▶ _WHAT THE EXERCISE ASKS_: Look through the data below and extract, unchanged, the lines from the one that contains "#37=LINE('',#36,#35);" to the one that contains "#57=FACE_BOUND('',#56,.T.);", both included.

^^^^^^^^

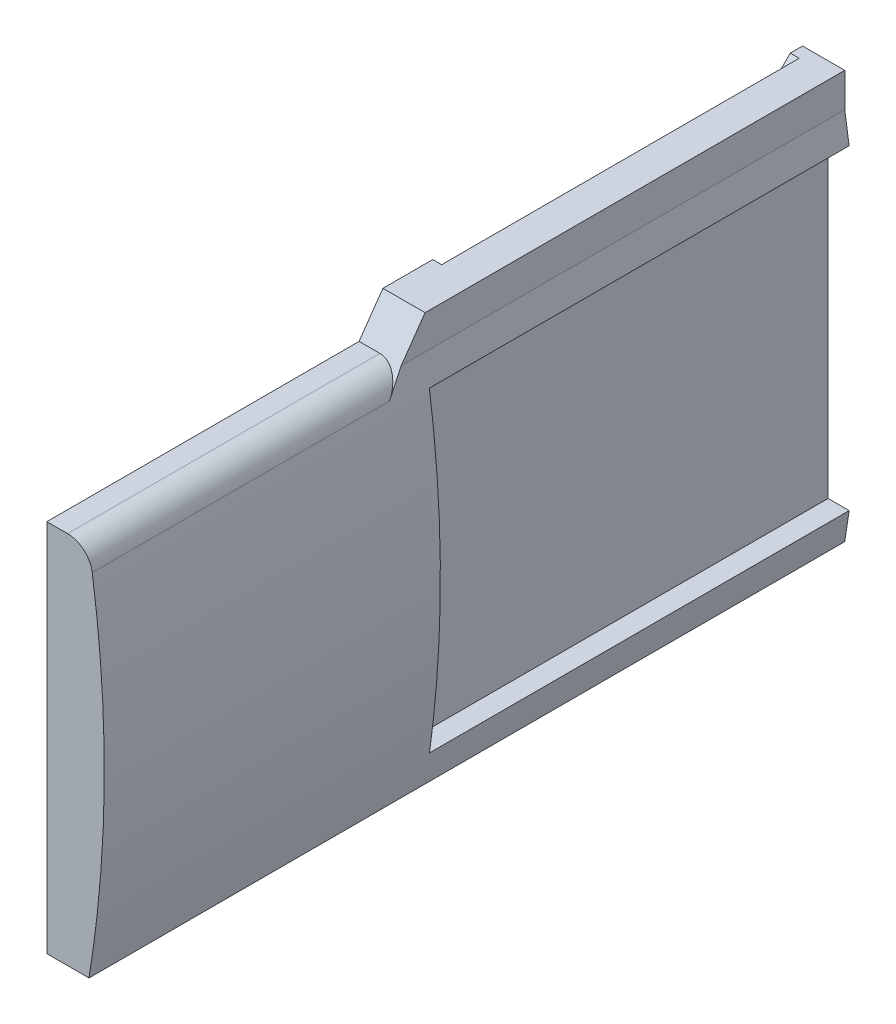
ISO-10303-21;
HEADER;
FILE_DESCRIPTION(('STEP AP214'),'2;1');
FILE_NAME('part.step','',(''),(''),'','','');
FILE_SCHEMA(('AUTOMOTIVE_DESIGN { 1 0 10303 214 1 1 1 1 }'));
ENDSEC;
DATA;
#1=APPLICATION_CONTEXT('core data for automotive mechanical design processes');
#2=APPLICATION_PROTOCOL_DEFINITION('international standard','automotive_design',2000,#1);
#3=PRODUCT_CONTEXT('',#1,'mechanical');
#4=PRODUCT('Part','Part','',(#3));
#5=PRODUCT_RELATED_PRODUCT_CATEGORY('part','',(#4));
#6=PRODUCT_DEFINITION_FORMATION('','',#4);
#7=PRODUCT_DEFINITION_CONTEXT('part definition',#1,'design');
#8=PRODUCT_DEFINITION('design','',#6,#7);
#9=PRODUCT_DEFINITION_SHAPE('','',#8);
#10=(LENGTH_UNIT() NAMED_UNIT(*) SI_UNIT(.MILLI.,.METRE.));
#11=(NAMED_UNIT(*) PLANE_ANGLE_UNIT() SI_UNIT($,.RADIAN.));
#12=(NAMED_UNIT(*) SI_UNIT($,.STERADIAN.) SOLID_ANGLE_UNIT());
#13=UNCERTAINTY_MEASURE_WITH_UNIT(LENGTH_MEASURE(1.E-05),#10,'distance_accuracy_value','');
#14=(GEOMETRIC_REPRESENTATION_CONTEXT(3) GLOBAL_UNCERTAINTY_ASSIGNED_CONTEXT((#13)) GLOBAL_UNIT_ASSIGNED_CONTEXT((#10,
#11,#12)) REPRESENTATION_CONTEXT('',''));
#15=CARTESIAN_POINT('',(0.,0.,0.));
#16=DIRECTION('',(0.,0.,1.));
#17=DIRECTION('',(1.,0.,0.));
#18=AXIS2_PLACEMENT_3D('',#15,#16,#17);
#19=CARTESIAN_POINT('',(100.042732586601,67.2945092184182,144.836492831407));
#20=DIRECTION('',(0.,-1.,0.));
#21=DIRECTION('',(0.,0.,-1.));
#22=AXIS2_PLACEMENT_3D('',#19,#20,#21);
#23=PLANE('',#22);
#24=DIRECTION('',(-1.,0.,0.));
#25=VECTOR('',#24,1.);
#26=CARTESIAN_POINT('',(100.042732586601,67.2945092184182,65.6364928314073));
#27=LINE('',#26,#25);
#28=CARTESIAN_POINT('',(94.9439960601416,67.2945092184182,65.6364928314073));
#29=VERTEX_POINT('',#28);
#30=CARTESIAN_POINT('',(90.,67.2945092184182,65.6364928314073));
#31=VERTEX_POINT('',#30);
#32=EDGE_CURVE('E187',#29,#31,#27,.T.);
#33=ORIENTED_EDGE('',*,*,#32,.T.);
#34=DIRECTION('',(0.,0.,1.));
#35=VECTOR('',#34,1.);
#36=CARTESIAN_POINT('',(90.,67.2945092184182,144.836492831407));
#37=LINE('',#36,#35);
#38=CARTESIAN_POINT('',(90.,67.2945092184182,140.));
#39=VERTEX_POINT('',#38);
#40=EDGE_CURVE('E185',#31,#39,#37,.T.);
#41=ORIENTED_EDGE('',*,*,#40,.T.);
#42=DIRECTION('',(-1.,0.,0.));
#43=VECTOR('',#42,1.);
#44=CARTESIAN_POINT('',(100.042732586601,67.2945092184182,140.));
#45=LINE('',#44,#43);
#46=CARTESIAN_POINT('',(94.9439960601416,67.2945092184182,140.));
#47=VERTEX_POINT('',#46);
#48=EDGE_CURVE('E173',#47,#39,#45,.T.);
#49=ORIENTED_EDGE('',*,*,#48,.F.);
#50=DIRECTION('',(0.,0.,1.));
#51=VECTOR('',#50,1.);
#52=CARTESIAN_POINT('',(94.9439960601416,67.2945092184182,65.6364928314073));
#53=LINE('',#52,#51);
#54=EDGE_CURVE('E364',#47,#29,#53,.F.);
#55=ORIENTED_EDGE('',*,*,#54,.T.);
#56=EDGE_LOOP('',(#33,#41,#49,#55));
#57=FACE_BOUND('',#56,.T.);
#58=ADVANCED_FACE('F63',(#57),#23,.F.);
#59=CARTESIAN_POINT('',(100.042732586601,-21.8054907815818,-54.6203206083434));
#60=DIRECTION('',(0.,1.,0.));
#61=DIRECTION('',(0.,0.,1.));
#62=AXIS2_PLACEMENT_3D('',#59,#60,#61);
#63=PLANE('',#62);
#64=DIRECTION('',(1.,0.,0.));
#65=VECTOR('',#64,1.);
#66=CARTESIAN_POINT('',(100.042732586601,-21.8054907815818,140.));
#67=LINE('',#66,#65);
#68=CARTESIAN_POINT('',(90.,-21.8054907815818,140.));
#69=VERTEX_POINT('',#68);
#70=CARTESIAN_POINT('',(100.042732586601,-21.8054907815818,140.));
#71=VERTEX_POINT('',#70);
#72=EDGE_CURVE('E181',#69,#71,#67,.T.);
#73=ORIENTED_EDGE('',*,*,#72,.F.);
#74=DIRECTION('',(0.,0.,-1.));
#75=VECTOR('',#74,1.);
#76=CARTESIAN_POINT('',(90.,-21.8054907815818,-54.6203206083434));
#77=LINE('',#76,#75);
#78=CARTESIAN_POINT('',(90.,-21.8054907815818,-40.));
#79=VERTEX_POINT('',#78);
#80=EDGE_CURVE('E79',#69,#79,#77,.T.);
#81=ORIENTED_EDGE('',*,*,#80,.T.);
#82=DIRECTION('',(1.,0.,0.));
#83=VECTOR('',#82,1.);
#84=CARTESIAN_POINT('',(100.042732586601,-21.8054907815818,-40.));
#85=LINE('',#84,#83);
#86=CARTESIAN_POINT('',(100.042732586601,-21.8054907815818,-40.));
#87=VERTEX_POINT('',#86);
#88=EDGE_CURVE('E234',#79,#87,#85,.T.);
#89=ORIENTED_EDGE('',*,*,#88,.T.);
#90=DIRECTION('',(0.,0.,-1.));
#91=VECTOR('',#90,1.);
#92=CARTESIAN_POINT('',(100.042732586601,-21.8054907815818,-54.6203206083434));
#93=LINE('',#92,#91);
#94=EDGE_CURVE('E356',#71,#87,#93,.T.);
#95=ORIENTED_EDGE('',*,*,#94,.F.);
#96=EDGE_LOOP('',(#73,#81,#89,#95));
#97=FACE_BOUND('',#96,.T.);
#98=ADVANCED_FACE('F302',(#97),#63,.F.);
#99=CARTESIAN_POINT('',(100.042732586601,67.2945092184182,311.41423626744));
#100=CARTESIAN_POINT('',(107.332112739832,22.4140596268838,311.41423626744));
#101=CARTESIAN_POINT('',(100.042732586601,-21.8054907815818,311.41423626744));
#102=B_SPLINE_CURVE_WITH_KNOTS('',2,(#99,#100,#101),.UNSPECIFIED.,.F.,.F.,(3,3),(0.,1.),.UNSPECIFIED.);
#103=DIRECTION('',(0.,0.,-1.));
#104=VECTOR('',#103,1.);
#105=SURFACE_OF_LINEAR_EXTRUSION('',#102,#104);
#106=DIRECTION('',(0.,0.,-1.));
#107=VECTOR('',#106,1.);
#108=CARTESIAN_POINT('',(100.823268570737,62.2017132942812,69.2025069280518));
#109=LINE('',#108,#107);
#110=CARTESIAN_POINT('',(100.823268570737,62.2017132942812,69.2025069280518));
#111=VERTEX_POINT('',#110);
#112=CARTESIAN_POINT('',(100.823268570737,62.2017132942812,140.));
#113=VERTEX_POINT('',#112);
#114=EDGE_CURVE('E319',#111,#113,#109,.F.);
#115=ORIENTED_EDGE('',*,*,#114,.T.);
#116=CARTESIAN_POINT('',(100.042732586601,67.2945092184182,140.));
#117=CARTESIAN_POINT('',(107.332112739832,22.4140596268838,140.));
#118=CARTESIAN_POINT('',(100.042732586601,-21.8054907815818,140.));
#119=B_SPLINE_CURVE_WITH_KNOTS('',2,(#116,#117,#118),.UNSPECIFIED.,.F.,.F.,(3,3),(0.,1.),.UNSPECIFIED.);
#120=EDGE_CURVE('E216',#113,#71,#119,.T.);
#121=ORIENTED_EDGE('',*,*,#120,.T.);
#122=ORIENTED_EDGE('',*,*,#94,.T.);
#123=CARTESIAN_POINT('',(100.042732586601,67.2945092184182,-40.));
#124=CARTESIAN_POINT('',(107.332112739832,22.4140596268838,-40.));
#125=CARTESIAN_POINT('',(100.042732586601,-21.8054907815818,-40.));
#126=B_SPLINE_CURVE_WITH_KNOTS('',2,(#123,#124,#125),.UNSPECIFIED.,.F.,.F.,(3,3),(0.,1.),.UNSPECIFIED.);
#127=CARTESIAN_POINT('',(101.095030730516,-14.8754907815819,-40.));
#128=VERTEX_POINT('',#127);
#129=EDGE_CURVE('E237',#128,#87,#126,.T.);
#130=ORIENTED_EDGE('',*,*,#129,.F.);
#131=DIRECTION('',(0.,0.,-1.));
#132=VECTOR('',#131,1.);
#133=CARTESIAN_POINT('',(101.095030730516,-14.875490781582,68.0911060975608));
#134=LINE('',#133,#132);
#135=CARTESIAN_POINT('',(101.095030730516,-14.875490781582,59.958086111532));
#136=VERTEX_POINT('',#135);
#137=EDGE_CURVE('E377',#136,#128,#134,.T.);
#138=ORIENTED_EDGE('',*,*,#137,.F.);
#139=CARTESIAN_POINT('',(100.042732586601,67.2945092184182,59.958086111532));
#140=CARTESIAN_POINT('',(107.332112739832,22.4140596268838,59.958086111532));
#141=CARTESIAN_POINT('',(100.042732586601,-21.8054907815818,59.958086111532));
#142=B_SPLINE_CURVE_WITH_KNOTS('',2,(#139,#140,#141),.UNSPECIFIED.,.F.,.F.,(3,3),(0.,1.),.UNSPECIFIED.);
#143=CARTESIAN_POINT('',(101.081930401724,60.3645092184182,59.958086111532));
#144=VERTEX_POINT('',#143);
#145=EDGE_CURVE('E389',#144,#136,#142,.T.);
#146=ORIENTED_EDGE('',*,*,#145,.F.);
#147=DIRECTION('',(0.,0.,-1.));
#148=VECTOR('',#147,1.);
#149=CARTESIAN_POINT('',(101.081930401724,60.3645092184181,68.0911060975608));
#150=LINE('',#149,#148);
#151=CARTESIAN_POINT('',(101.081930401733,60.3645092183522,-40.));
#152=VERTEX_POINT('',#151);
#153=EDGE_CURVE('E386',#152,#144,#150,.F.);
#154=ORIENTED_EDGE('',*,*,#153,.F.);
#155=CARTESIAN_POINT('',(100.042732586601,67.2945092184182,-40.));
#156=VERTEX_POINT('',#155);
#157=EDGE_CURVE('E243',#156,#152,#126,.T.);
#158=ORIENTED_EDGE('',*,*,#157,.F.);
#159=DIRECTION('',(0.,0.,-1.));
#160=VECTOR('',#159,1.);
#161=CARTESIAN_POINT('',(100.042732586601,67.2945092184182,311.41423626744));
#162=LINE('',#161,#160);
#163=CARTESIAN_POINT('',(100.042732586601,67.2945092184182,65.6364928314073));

^^^^^^^^

▶ _SOLUTION TO THIS PROBLEM_:
#37=LINE('',#36,#35);
#38=CARTESIAN_POINT('',(90.,67.2945092184182,140.));
#39=VERTEX_POINT('',#38);
#40=EDGE_CURVE('E185',#31,#39,#37,.T.);
#41=ORIENTED_EDGE('',*,*,#40,.T.);
#42=DIRECTION('',(-1.,0.,0.));
#43=VECTOR('',#42,1.);
#44=CARTESIAN_POINT('',(100.042732586601,67.2945092184182,140.));
#45=LINE('',#44,#43);
#46=CARTESIAN_POINT('',(94.9439960601416,67.2945092184182,140.));
#47=VERTEX_POINT('',#46);
#48=EDGE_CURVE('E173',#47,#39,#45,.T.);
#49=ORIENTED_EDGE('',*,*,#48,.F.);
#50=DIRECTION('',(0.,0.,1.));
#51=VECTOR('',#50,1.);
#52=CARTESIAN_POINT('',(94.9439960601416,67.2945092184182,65.6364928314073));
#53=LINE('',#52,#51);
#54=EDGE_CURVE('E364',#47,#29,#53,.F.);
#55=ORIENTED_EDGE('',*,*,#54,.T.);
#56=EDGE_LOOP('',(#33,#41,#49,#55));
#57=FACE_BOUND('',#56,.T.);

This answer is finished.